The aim of this systematic review
is therefore to consider how antenatal education interventions could facilitate
the development of coping strategies during labour. It was hypothesised that women participating in antenatal
education programs/interventions would employ those coping strategies during
childbirth, and would report on experiencing less anxiety and pain, as well as
there being a reduction in the epidural analgesia use.

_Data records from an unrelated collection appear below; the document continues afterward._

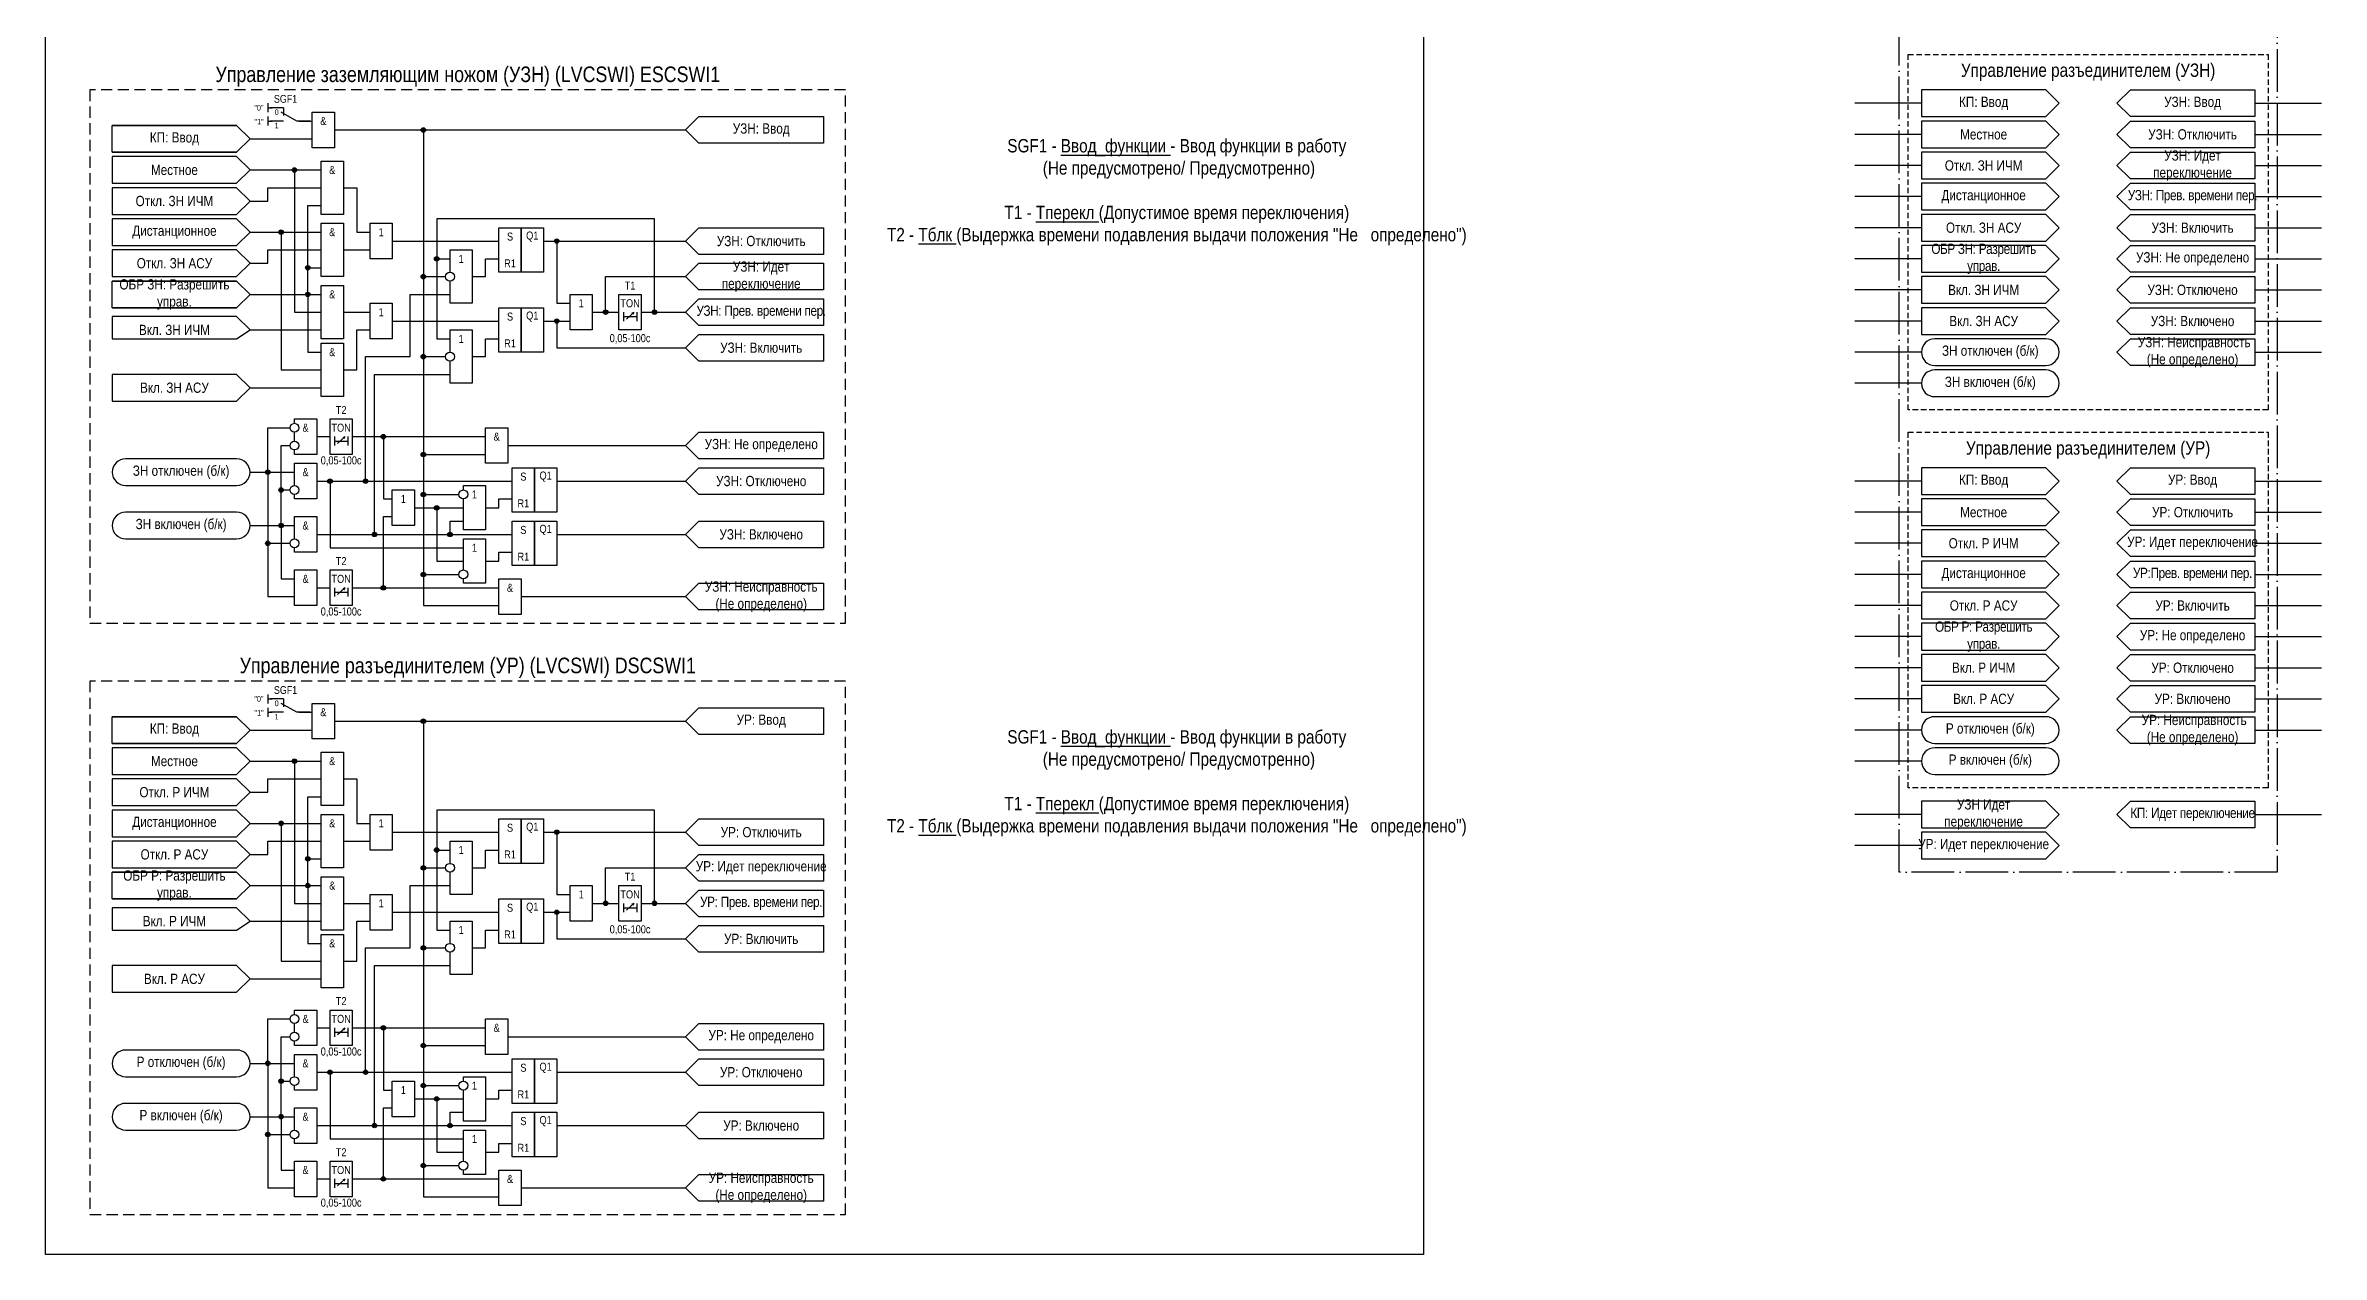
# Model space of a CAD drawing. Header units: millimetres. Extents: x -40 to 512, y 0 to 663.
# Drawn here: x 0 to 512, y 0 to 272 of the extents above; entities that cross this region are included whole.
import ezdxf
from ezdxf.enums import TextEntityAlignment as Align

# ---------------------------------------------------------------- set-up
doc = ezdxf.new("R2010")
doc.units = ezdxf.units.MM
doc.linetypes.add('ACAD_ISO04W100', pattern=[30, 24, -3, 0, -3])
doc.linetypes.add('штриховая2', pattern=[0.375, 0.25, -0.125])
doc.layers.add('TEXT', color=7, linetype='Continuous', lineweight=25)
doc.layers.add('Основная', color=7, linetype='Continuous')
doc.styles.add('2.5_Gost_RD', font='ARIALN.TTF', dxfattribs={"height": 2.5})
doc.styles.add('3.5_Gost_RD', font='ARIALN.TTF', dxfattribs={"height": 3.5})
doc.styles.add('Вывод', font='ARIALN.TTF', dxfattribs={"height": 2.5})
doc.styles.add('Компонент', font='ARIALN.TTF', dxfattribs={"height": 3.5})

# ---------------------------------------------------------------- blocks, each defined once
blk = doc.blocks.new('Точка')
at = {"ltscale": 100}
h = blk.add_hatch(color=256, dxfattribs=at)
h.dxf.hatch_style = 1
edge = h.paths.add_edge_path()
edge.add_arc((0, 0), 0.5, 0, 360)
blk.add_circle((0, 0), 0.5, dxfattribs=at)
blk = doc.blocks.new('*U958')
at = {"layer": 'Основная', "color": 0}
blk.add_line((0, 0), (7, 4), dxfattribs=at)
at = {"layer": 'Основная', "ltscale": 0.35}
blk.add_line((6, 6), (6, 2.5), dxfattribs=at)
blk = doc.blocks.new('*U985')
at = {"layer": 'Основная', "color": 0}
for p, q in [((-3, 6), (-9, 6)), ((-3, 0), (-9, 0)), ((9, 0), (3, 0))]:
    blk.add_line(p, q, dxfattribs=at)
at = {"layer": 'Основная', "ltscale": 0.25, "xscale": -1}
blk.add_blockref('*U958', (3, 0), dxfattribs=at)
at = {"layer": 'Основная'}
for tag, height, style, p in [('ОУ', 3.5, 'Компонент', (-2, 10)), ('В1', 2.5, 'Вывод', (-14, 6)), ('В2', 2.5, 'Вывод', (-6, 4)), ('В3', 2.5, 'Вывод', (-6, -2))]:
    blk.add_attdef(tag, text='', height=height, dxfattribs=dict(at, style=style)).set_placement(p, align=Align.MIDDLE_CENTER)

msp = doc.modelspace()

# ---------------------------------------------------------------- linework, layer by layer
at = {"ltscale": 100}
for p, q in [((50, 259), (50, 257)), ((50, 258), (51, 258)), ((50, 256), (50, 254)), ((422, 259), (407, 259)), ((497, 259), (512, 259)), ((50, 255), (51, 255)), ((422, 252), (407, 252)), ((497, 252), (512, 252)), ((422, 245), (407, 245)), ((497, 245), (512, 245)), ((422, 238), (407, 238)), ((497, 238), (512, 238)), ((422, 231), (407, 231)), ((497, 231), (512, 231)), ((422, 224), (407, 224)), ((497, 224), (512, 224)), ((422, 217), (407, 217)), ((497, 217), (512, 217)), ((123, 212), (129, 212)), ((134, 212), (134, 212)), ((422, 210), (407, 210)), ((497, 214), (469, 214)), ((497, 210), (512, 210)), ((497, 207), (469, 207)), ((422, 203), (407, 203)), ((497, 203), (512, 203)), ((422, 196), (407, 196)), ((69, 184), (69, 184)), ((422, 174), (407, 174)), ((497, 174), (512, 174)), ((422, 167), (407, 167)), ((497, 167), (512, 167)), ((422, 160), (407, 160)), ((497, 160), (512, 160)), ((69, 150), (69, 150)), ((422, 153), (407, 153)), ((497, 153), (512, 153)), ((422, 146), (407, 146)), ((497, 146), (512, 146)), ((422, 139), (407, 139)), ((497, 139), (512, 139)), ((422, 132), (407, 132)), ((497, 129), (469, 129)), ((497, 132), (512, 132)), ((50, 126), (50, 124)), ((50, 125), (51, 125)), ((50, 123), (50, 121)), ((422, 125), (407, 125)), ((497, 125), (512, 125)), ((50, 122), (51, 122)), ((422, 118), (407, 118)), ((497, 122), (469, 122)), ((497, 118), (512, 118)), ((422, 111), (407, 111)), ((422, 99), (407, 99)), ((497, 99), (512, 99)), ((422, 92), (407, 92)), ((123, 79), (129, 79)), ((134, 79), (134, 79)), ((69, 51), (69, 51)), ((69, 17), (69, 17))]:
    msp.add_line(p, q, dxfattribs=at)
at = {"color": 7, "ltscale": 100}
for p, q in [((130.7, 210.46), (132.37, 211.95)), ((132.37, 211.95), (131.85, 211.73)), ((132.37, 211.95), (132.11, 211.48)), ((65.7, 182.46), (67.37, 183.95)), ((67.37, 183.95), (66.85, 183.73)), ((67.37, 183.95), (67.11, 183.48)), ((65.7, 148.46), (67.37, 149.95)), ((67.37, 149.95), (66.85, 149.73)), ((67.37, 149.95), (67.11, 149.48)), ((130.7, 77.46), (132.37, 78.95)), ((132.37, 78.95), (131.85, 78.73)), ((132.37, 78.95), (132.11, 78.48)), ((65.7, 49.46), (67.37, 50.95)), ((67.37, 50.95), (66.85, 50.73)), ((67.37, 50.95), (67.11, 50.48)), ((65.7, 15.46), (67.37, 16.95)), ((67.37, 16.95), (66.85, 16.73)), ((67.37, 16.95), (67.11, 16.48))]:
    msp.add_line(p, q, dxfattribs=at)
at = {"color": 3, "ltscale": 100}
msp.add_lwpolyline([(0, 648), (310, 648), (310, 0), (0, 0)], close=True, dxfattribs=at)
at = {"color": 251, "linetype": 'ACAD_ISO04W100', "lineweight": 30, "ltscale": 0.4, "true_color": 0x58595b}
msp.add_lwpolyline([(417, 610), (502, 610), (502, 86), (417, 86)], close=True, dxfattribs=at)
at = {"linetype": 'штриховая2', "ltscale": 5}
for points in [[(419, 270), (500, 270), (500, 190), (419, 190)], [(419, 185), (500, 185), (500, 105), (419, 105)]]:
    msp.add_lwpolyline(points, close=True, dxfattribs=at)
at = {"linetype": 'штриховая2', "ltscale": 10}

Combinations of key words were used
in this literature review such as antenatal education, antenatal preparation,
antenatal intervention, anxiety, pain, labour, childbirth, and epidural
analgesia.  A systematic review was completed
using a range of nursing, midwifery and medical databases, such as COCHRANE
(2005-2017); Medical Literature Analysis and Retrieval System (MEDLINE),
(2005-2017); ELSEVIER (2009-2017); Google Scholar (2005-2017); British Medical
Journal (BMJ), (2005-2017); Cumulative Index to Nursing and Allied Health
Literature (CINAHL, 2005-2017); Midwifery Journal (2007-2017) (Appendix 1). The title of each
article was reviewed for relevance, and a further review completed on the
abstract of those articles identified. Finally, eight articles were selected including
three observational cohort studies and five randomised controlled trials
(RCTs). The aim of this systematic review was focused on using multiple study
designs as, according to Peinemann et al
(2013), is necessary to obtain efficacy in the information and results of the
systematic review.

Studies were included only if they
had been published in English; if they had used specific antenatal education
action to measure women’s anxiety and pain during labour and/or saw an
augmentation or reduction in the rates of epidural use after having received
the antenatal program action. Studies were excluded if they were published
before 2007 (10 years old), however the Escott et al (2005) study was included because it was realized in the UK
and the information was relevant and representative. In addition, all studies
selected were assessed in terms of validity; methods used; analysis of the
results; ethical considerations and limitations (Appendix 2).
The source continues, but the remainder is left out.